We have seen the way to determine the tangent line to a curve in ${\mathbb{R}}^{2}$ , and the different ways one can write the equation of the tangent line. We can either determine a vector ${\bf v}$ parallel to the line, and express the tangent line as $(x_{0},y_{0})+\lambda{\bf v}$ , $\lambda\in{\mathbb{R}}$ ; or we can determine a vector ${\bf n}$ normal to the line, and write the equation of the tangent line via the scalar product: $(x,y)\cdot{\bf n}=(x_{0},y_{0})\cdot{\bf n}$ .

What happens for a (parametrized) curve in ${\mathbb{R}}^{3}$ ?

If $L$ is a straight line in ${\mathbb{R}}^{3}$ , then we can see that there are infinitely many directions for normal vectors to $L$ in ${\mathbb{R}}^{3}$ . Conversely, we can’t use a single normal vector to define a straight line as we could in ${\mathbb{R}}^{2}$ . In fact, the set of points $(x,y,z)$ satisfying $(x,y,z)\cdot{\bf n}=(x_{0},y_{0},z_{0})\cdot{\bf n}$ is not a line but a plane (as long as ${\bf n}$ is non-zero).
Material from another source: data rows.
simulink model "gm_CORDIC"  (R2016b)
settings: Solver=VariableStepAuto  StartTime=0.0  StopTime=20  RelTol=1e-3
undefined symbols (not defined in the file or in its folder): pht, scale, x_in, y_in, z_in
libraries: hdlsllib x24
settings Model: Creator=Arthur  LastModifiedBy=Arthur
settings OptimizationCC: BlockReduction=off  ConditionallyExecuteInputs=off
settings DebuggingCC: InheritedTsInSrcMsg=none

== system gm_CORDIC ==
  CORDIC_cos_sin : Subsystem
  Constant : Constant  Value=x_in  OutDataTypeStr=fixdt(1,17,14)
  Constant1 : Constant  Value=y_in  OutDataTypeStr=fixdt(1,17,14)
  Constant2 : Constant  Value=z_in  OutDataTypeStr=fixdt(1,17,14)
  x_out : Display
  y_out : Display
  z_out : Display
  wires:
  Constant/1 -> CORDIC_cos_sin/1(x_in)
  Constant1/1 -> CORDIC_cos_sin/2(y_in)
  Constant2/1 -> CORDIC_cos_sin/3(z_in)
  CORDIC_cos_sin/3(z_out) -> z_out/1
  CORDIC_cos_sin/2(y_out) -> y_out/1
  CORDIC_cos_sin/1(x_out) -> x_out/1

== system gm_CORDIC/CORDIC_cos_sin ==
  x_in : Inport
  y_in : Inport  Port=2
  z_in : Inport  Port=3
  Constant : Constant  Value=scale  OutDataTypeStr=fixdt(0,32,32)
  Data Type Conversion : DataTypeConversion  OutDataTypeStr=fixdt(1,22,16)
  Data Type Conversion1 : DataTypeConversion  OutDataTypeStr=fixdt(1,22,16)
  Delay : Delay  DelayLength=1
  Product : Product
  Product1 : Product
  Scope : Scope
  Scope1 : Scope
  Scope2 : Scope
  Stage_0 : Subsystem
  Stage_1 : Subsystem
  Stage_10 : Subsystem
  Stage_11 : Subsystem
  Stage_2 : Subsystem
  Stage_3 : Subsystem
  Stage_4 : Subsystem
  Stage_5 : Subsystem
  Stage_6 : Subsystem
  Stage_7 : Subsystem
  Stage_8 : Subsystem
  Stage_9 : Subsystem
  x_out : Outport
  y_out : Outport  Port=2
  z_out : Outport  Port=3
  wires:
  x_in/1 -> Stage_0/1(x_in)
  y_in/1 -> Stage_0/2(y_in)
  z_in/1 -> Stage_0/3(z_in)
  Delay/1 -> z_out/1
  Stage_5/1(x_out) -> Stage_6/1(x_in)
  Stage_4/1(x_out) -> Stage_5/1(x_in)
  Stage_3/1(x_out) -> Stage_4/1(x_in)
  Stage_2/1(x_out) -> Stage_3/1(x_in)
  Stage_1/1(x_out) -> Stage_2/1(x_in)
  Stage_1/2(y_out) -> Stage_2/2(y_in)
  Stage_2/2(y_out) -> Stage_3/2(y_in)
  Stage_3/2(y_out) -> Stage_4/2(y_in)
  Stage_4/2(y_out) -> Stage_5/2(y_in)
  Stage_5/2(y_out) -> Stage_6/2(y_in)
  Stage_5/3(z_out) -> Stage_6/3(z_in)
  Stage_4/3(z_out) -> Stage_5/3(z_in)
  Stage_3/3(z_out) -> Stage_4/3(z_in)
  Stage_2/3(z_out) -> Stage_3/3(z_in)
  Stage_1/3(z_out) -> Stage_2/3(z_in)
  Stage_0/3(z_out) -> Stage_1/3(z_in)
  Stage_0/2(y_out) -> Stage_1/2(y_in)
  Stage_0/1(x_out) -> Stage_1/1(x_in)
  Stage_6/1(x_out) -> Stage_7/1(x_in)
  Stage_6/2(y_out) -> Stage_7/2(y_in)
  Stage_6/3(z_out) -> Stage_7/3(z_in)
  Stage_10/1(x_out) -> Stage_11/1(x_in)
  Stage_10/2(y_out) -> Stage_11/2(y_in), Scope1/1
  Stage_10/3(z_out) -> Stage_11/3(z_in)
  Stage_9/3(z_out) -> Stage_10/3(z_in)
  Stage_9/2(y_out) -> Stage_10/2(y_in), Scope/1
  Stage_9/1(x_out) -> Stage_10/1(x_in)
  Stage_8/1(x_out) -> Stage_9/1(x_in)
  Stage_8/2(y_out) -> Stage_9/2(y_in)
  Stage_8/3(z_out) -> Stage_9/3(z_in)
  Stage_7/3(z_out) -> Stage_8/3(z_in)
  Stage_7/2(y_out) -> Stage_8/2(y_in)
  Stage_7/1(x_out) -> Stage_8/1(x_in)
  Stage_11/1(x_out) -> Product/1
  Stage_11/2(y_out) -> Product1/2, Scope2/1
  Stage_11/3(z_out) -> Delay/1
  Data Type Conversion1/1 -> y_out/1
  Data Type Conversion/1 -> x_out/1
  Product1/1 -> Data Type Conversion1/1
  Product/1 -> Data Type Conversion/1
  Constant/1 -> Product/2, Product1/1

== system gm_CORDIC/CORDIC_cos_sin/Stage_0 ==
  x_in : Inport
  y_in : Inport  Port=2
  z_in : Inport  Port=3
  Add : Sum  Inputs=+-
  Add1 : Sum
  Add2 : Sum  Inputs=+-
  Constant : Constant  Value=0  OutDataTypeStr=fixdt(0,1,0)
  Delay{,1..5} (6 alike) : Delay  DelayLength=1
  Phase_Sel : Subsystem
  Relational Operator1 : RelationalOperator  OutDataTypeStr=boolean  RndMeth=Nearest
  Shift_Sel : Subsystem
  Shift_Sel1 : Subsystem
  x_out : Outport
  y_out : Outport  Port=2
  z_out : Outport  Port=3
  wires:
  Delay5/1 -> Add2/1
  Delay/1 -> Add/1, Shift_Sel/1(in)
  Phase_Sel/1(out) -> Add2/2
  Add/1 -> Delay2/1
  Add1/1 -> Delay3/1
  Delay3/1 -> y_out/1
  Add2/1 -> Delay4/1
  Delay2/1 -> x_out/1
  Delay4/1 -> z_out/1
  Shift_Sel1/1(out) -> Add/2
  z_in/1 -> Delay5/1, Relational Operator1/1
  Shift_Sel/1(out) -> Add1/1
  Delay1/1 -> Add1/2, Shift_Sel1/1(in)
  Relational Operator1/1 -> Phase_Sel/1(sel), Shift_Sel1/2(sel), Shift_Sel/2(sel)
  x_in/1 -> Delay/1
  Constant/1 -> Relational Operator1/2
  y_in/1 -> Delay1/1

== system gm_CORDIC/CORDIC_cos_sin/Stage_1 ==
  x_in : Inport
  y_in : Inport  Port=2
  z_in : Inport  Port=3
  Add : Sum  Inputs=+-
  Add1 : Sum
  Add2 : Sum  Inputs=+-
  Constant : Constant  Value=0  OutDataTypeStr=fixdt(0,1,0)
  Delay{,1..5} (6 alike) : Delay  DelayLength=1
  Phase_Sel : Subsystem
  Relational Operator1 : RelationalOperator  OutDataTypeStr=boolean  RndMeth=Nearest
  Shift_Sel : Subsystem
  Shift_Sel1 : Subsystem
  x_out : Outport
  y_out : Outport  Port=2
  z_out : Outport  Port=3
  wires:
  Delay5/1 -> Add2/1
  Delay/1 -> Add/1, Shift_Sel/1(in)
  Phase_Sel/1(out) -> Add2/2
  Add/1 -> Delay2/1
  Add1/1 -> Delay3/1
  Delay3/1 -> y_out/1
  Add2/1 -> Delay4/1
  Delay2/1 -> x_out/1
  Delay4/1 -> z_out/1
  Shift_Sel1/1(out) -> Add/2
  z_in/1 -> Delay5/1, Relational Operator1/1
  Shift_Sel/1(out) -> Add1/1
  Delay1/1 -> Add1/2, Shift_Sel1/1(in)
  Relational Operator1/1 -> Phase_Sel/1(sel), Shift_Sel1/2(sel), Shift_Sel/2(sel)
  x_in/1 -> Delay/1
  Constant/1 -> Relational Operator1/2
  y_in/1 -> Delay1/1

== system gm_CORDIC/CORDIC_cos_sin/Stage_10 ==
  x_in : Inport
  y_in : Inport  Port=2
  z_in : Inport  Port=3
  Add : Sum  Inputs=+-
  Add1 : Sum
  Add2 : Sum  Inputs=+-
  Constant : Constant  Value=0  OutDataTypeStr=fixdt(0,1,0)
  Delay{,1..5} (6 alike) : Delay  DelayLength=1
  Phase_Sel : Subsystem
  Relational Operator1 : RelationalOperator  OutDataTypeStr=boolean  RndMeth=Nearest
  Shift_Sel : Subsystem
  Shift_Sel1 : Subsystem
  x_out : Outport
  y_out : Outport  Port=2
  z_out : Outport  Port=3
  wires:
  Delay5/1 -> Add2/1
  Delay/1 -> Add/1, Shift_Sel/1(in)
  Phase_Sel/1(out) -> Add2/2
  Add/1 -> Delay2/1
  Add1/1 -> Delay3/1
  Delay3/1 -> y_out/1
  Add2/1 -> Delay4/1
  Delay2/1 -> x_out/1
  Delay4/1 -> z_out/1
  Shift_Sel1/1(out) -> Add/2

On the other hand, we can use the derivative $\gamma^{\prime}(t)$ to write the equation of the tangent line to $\gamma$ at $\gamma(T)$ :

(x,y,z)=\gamma(T)+\lambda\gamma^{\prime}(T),\;\;\lambda\in{\mathbb{R}}

Similarly, we can calculate the arc length of a parametrized curve between the points $\gamma(a)$ and $\gamma(b)$ :

L=\int_{a}^{b}|\gamma^{\prime}(t)|\>dt

Example 2.22 $\,$ Let $\gamma:[0,\pi)\rightarrow{\mathbb{R}}^{3}$ , $t\mapsto(\cos 2t,2t-\sin 2t,2\cos t)$ . Then

\gamma^{\prime}(t)=(-2\sin 2t,2-2\cos 2t,-2\sin t).

We calculate

|\gamma^{\prime}(t)|^{2}=4\sin^{2}2t+4(1-\cos{2t})^{2}+4\sin^{2}t=4\sin^{2}2t+% 4-8\cos 2t+4\cos^{2}2t+4\sin^{2}t.

Replacing $\cos^{2}2t$ by $(1-\sin^{2}2t)$ we obtain $8-8\cos 2t+4\sin^{2}t$ . But $\cos 2t=1-2\sin^{2}t$ so

|\gamma^{\prime}(t)|^{2}=8-8(1-2\sin^{2}t)+4\sin^{2}t=20\sin^{2}t.

Since $\sin t\geq 0$ for $t\in[0,\pi)$ , we have: $|\gamma^{\prime}(t)|=\sqrt{20}\sin t$ .

Thus the length of the arc from $\gamma(0)$ to $\gamma(\pi)$ is

\sqrt{20}\int_{0}^{\pi}\sin t\>dt=-\sqrt{20}[\cos t]_{0}^{\pi}=2\sqrt{20}